How to add a SQLite TABLE (from the documentation):

This code creates the Team table:

' db is a SQLite database
Var sql As String
sql = "CREATE TABLE Team (ID INTEGER NOT NULL, Name TEXT, Coach TEXT, City TEXT, PRIMARY KEY(ID));"
Try
  db.ExecuteSQL(sql)
  MessageBox("Team table created successfully.")
Catch error As DatabaseException
  MessageBox("DB Error: " + error.Message)
End Try

No need to use a Third Party software (even a free one)… :wink:

Hi Emile,
Thanks. I do understand that code and have (and do) use it if I need to create a table in the DB. For example, one of the apps I have is a budgeting app that when a new item is added requires its own ledger table so I use that type of code to create that.

But, 2 things tho, firstly, that code only creates the table, it does not create the actual DB so it must exist first and, secondly, unless it’s an app as above where tables may need to be dynamically added (which in my experience is the usual case), is it not just a waste of some code to have something hard-wired in that will only ever be used once?

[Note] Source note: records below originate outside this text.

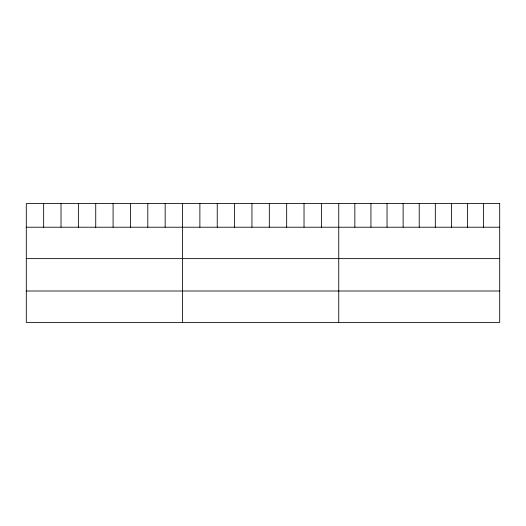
<?xml version="1.0" encoding="UTF-8"?>
<svg xmlns="http://www.w3.org/2000/svg" width="526" height="526" viewBox="0 0 526 526"><rect width="100%" height="100%" fill="white"/><g stroke="black" fill="none" stroke-linecap="round" stroke-linejoin="round"><path stroke-width="0.79" d="M26.3 227.219L499.7 227.219M26.3 258.634L499.7 258.634M26.3 291.003L499.7 291.003M483.604 203.575L483.604 227.219M467.509 203.575L467.509 227.219M451.413 203.575L451.413 227.219M435.318 203.575L435.318 227.219M419.222 203.575L419.222 227.219M403.126 203.575L403.126 227.219M387.031 203.575L387.031 227.219M370.935 203.575L370.935 227.219M354.84 203.575L354.84 227.219M338.744 203.575L338.744 322.425M321.386 203.575L321.386 227.219M304.028 203.575L304.028 227.219M286.67 203.575L286.67 227.219M269.312 203.575L269.312 227.219M251.954 203.575L251.954 227.219M234.596 203.575L234.596 227.219M217.238 203.575L217.238 227.219M199.88 203.575L199.88 227.219M182.522 203.575L182.522 322.425M165.164 203.575L165.164 227.219M147.806 203.575L147.806 227.219M130.448 203.575L130.448 227.219M113.09 203.575L113.09 227.219M95.732 203.575L95.732 227.219M78.374 203.575L78.374 227.219M61.016 203.575L61.016 227.219M43.658 203.575L43.658 227.219M499.7 203.575L26.3 203.575L26.3 322.425L499.7 322.425L499.7 203.575"/></g></svg>
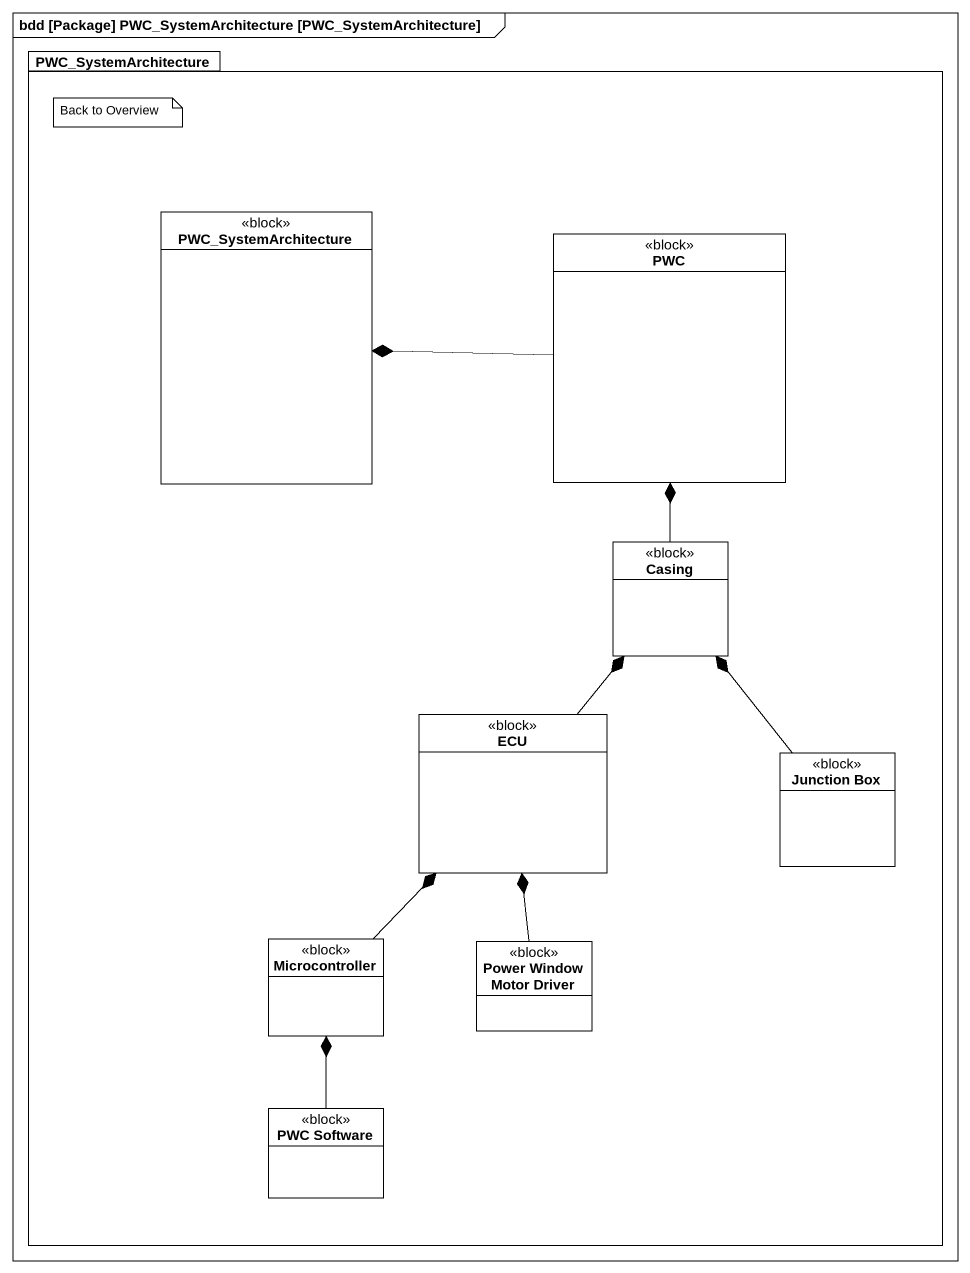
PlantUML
@startuml
mainframe bdd [Package] PWC_SystemArchitecture [PWC_SystemArchitecture]
hide circle
hide empty members
package PWC_SystemArchitecture {
  class "PWC_SystemArchitecture" as PWC_SystemArchitecture_2 <<block>>
  class PWC <<block>>
  class Casing <<block>>
  class ECU <<block>>
  class "Junction Box" as Junction_Box <<block>>
  class Microcontroller <<block>>
  class "Power Window Motor Driver" as Power_Window_Motor_Driver <<block>>
  class "PWC Software" as PWC_Software <<block>>
}
PWC -left-* PWC_SystemArchitecture_2
Casing -up-* PWC
ECU -up-* Casing
Junction_Box -up-* Casing
Microcontroller -up-* ECU
Power_Window_Motor_Driver -up-* ECU
PWC_Software -up-* Microcontroller
note as N1
  Back to Overview
end note
@enduml
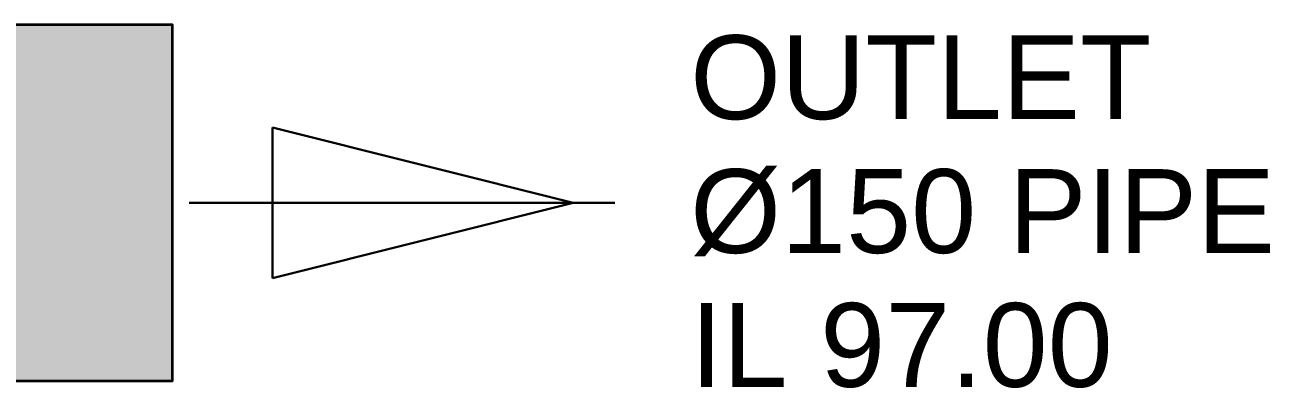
# Model space of a CAD drawing. Header units: millimetres. Extents: x -1348 to 4055, y -1079 to 3281.
# Drawn here: x 3529 to 4055, y -3 to 150 of the extents above; entities that cross this region are included whole.
import ezdxf

# ---------------------------------------------------------------- set-up
doc = ezdxf.new("R2010")
doc.units = ezdxf.units.MM
for name, color, linetype in [('ANNOTATIONS', 7, 'Continuous'), ('FLOW_OUTLET', 5, 'Continuous'), ('PIPES', 7, 'Continuous')]:
    doc.layers.add(name, color=color, linetype=linetype)
doc.styles.add('ARIAL', font='arial.ttf')

msp = doc.modelspace()

# ---------------------------------------------------------------- linework, layer by layer
at = {"layer": 'FLOW_OUTLET', "color": 5, "lineweight": 30}
for p, q in [((3633.44, 106.75), (3760.44, 75)), ((3633.44, 43.25), (3633.44, 106.75)), ((3598.17, 75), (3778.08, 75)), ((3633.44, 43.25), (3760.44, 75))]:
    msp.add_line(p, q, dxfattribs=at)
at = {"layer": 'PIPES', "lineweight": 35}
msp.add_lwpolyline([(3450, 0), (3591.11, 0), (3591.11, 150), (3450, 150)], close=True, dxfattribs=at)
at = {"layer": 'PIPES', "true_color": 0xbfbfbf}
msp.add_solid([(3450, 0), (3591.11, 0), (3450, 150), (3591.11, 150)], dxfattribs=at)

# ---------------------------------------------------------------- texts
at = {"layer": 'ANNOTATIONS', "style": 'ARIAL'}
for s, p in [('OUTLET', (3809.83, 110.28)), ('Ø150 PIPE', (3809.83, 53.83)), ('IL 97.00', (3809.83, -2.61))]:
    msp.add_text(s, height=35.362, dxfattribs=at).set_placement(p)

doc.saveas('drawing.dxf')
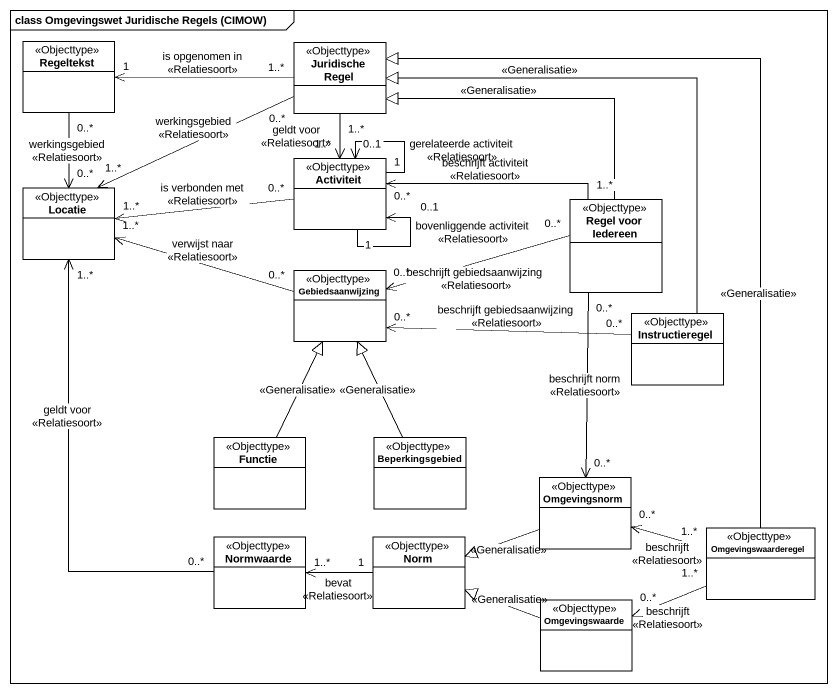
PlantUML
@startuml
mainframe class Omgevingswet Juridische Regels (CIMOW)
hide circle
hide empty members
class Regeltekst <<Objecttype>>
class "Juridische Regel" as Juridische_Regel <<Objecttype>>
class Activiteit <<Objecttype>>
class Locatie <<Objecttype>>
class "Regel voor Iedereen" as Regel_voor_Iedereen <<Objecttype>>
class Gebiedsaanwijzing <<Objecttype>>
class Instructieregel <<Objecttype>>
class Functie <<Objecttype>>
class Beperkingsgebied <<Objecttype>>
class Omgevingsnorm <<Objecttype>>
class Normwaarde <<Objecttype>>
class Norm <<Objecttype>>
class Omgevingswaarderegel <<Objecttype>>
class Omgevingswaarde <<Objecttype>>
Regeltekst "0..*" --> "0..*" Locatie : werkingsgebied\n<<Relatiesoort>>
Juridische_Regel "1..*" -left-> "1" Regeltekst : is opgenomen in\n<<Relatiesoort>>
Juridische_Regel "1..*" --> "1..*" Activiteit : geldt voor\n<<Relatiesoort>>
Juridische_Regel "0..*" -left-> "1..*" Locatie : werkingsgebied\n<<Relatiesoort>>
Activiteit "1" --> "0..1" Activiteit : bovenliggende activiteit\n<<Relatiesoort>>
Activiteit "1" --> "0..1" Activiteit : gerelateerde activiteit\n<<Relatiesoort>>
Activiteit "0..*" -left-> "1..*" Locatie : is verbonden met\n<<Relatiesoort>>
Regel_voor_Iedereen -up-|> Juridische_Regel : <<Generalisatie>>
Regel_voor_Iedereen "1..*" -left-> "0..*" Activiteit : beschrijft activiteit\n<<Relatiesoort>>
Regel_voor_Iedereen "0..*" -left-> "0..*" Gebiedsaanwijzing : beschrijft gebiedsaanwijzing\n<<Relatiesoort>>
Regel_voor_Iedereen "0..*" --> "0..*" Omgevingsnorm : beschrijft norm\n<<Relatiesoort>>
Gebiedsaanwijzing "0..*" -left-> "1..*" Locatie : verwijst naar\n<<Relatiesoort>>
Instructieregel -up-|> Juridische_Regel : <<Generalisatie>>
Instructieregel "0..*" -left-> "0..*" Gebiedsaanwijzing : beschrijft gebiedsaanwijzing\n<<Relatiesoort>>
Functie -up-|> Gebiedsaanwijzing : <<Generalisatie>>
Beperkingsgebied -up-|> Gebiedsaanwijzing : <<Generalisatie>>
Omgevingsnorm -left-|> Norm : <<Generalisatie>>
Normwaarde "0..*" -up-> "1..*" Locatie : geldt voor\n<<Relatiesoort>>
Norm "1" -left-> "1..*" Normwaarde : bevat\n<<Relatiesoort>>
Omgevingswaarderegel -up-|> Juridische_Regel : <<Generalisatie>>
Omgevingswaarderegel "1..*" -left-> "0..*" Omgevingsnorm : beschrijft\n<<Relatiesoort>>
Omgevingswaarderegel "1..*" -left-> "0..*" Omgevingswaarde : beschrijft\n<<Relatiesoort>>
Omgevingswaarde -left-|> Norm : <<Generalisatie>>
@enduml

Note, I’m questioning you guys, just trying to understand the whys sometimes as well as the hows.

Barry

Tim,
Ok, I wasn’t game to try anything once that terminal opened up.

I’m about to show my age here, but is it similar to the way one would work with the old dBase database from the (??) 80’s?

Barry

You can easily create the db-file in Xojo. This enables you to check if the file exists and if not: create it.
Doing all in Xojo also has the advantage that you could use the included encryption - something most free sqlite editors dont support, because then they would have to pay a license fee for the encryption…

Thomas,
Thanks for the reply. Yeah, I am aware that you can create it from the app but I never have till now because, not being a pro and just programming for the fun and mental stimulation, they are only for me so there is no real need to have the app create the DB. However, given all the feedback on this, I’ll start doing it, again as an exercise in learning.